**Your objective**:
Which lines of the entries contain the string "fillet"? Copy each of them.

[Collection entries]
══════

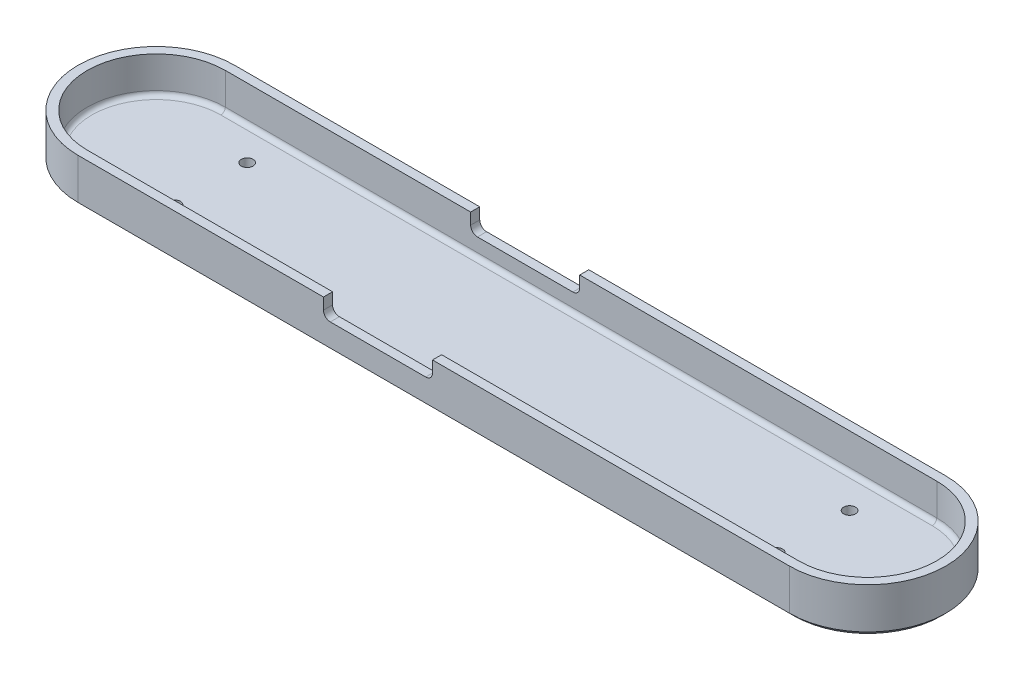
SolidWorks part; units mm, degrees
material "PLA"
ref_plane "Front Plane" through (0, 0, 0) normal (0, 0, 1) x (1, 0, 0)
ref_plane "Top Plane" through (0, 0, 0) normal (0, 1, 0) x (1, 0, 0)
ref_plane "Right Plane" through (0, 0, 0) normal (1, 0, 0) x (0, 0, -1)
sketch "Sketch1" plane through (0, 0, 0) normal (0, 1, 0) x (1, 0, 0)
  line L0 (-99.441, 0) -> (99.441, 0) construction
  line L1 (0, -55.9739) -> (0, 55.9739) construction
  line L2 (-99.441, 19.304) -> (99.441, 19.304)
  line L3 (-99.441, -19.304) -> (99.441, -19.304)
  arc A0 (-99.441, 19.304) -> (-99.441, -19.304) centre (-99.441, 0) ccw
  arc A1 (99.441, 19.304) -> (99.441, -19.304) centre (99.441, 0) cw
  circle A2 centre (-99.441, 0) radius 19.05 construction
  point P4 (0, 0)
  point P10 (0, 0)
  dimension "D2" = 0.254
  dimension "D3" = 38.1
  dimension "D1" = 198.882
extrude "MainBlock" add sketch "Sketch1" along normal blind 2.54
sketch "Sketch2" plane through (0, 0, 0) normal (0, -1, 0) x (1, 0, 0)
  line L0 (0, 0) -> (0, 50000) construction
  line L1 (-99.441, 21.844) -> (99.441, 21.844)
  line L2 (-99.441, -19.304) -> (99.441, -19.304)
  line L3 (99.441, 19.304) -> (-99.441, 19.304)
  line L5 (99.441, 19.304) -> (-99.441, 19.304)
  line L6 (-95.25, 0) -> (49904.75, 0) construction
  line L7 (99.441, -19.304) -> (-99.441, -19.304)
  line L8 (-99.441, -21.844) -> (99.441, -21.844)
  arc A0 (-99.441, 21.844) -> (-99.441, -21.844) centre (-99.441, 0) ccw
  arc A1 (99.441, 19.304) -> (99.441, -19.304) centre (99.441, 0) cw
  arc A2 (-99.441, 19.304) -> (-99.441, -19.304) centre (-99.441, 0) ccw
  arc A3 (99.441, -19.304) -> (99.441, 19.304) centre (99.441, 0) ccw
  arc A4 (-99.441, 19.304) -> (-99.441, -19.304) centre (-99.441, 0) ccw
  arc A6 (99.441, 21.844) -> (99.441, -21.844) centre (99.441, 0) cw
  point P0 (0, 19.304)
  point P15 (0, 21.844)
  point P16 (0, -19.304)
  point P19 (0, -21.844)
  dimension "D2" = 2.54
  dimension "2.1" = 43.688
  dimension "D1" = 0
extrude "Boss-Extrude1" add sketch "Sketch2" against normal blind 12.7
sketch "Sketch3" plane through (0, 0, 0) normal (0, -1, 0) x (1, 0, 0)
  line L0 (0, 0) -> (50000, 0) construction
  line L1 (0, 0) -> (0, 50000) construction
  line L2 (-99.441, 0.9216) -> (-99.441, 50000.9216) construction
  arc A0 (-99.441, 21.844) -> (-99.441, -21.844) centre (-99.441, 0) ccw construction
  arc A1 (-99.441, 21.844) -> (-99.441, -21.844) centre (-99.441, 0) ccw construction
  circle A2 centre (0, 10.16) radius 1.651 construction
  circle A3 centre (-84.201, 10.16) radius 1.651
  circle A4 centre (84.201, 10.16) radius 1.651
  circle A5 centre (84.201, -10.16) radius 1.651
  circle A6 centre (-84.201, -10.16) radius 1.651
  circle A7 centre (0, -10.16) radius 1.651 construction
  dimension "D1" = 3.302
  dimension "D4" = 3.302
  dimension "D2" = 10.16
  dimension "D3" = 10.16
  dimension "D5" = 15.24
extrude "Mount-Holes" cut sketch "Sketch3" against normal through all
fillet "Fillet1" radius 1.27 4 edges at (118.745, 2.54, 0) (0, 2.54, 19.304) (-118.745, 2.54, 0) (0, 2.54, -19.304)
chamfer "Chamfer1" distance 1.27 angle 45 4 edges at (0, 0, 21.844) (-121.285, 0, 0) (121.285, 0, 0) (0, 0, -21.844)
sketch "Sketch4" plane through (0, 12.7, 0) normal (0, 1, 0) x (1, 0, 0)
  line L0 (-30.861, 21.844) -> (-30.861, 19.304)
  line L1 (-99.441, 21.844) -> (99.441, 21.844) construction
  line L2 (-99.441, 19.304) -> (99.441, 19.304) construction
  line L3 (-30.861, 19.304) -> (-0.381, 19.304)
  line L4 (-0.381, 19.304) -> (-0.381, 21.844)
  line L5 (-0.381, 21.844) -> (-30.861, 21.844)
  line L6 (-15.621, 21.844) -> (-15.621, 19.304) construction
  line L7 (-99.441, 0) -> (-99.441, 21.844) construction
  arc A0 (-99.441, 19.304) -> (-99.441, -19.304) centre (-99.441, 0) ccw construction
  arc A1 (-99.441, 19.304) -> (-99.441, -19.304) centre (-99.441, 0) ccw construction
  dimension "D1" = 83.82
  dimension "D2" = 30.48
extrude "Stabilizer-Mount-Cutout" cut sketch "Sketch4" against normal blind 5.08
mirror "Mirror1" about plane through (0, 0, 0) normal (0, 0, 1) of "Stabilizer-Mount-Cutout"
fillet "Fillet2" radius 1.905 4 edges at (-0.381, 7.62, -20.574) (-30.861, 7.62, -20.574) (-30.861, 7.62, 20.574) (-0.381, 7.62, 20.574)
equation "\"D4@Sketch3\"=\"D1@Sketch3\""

══════

**Your response**:
fillet "Fillet1" radius 1.27 4 edges at (118.745, 2.54, 0) (0, 2.54, 19.304) (-118.745, 2.54, 0) (0, 2.54, -19.304)
fillet "Fillet2" radius 1.905 4 edges at (-0.381, 7.62, -20.574) (-30.861, 7.62, -20.574) (-30.861, 7.62, 20.574) (-0.381, 7.62, 20.574)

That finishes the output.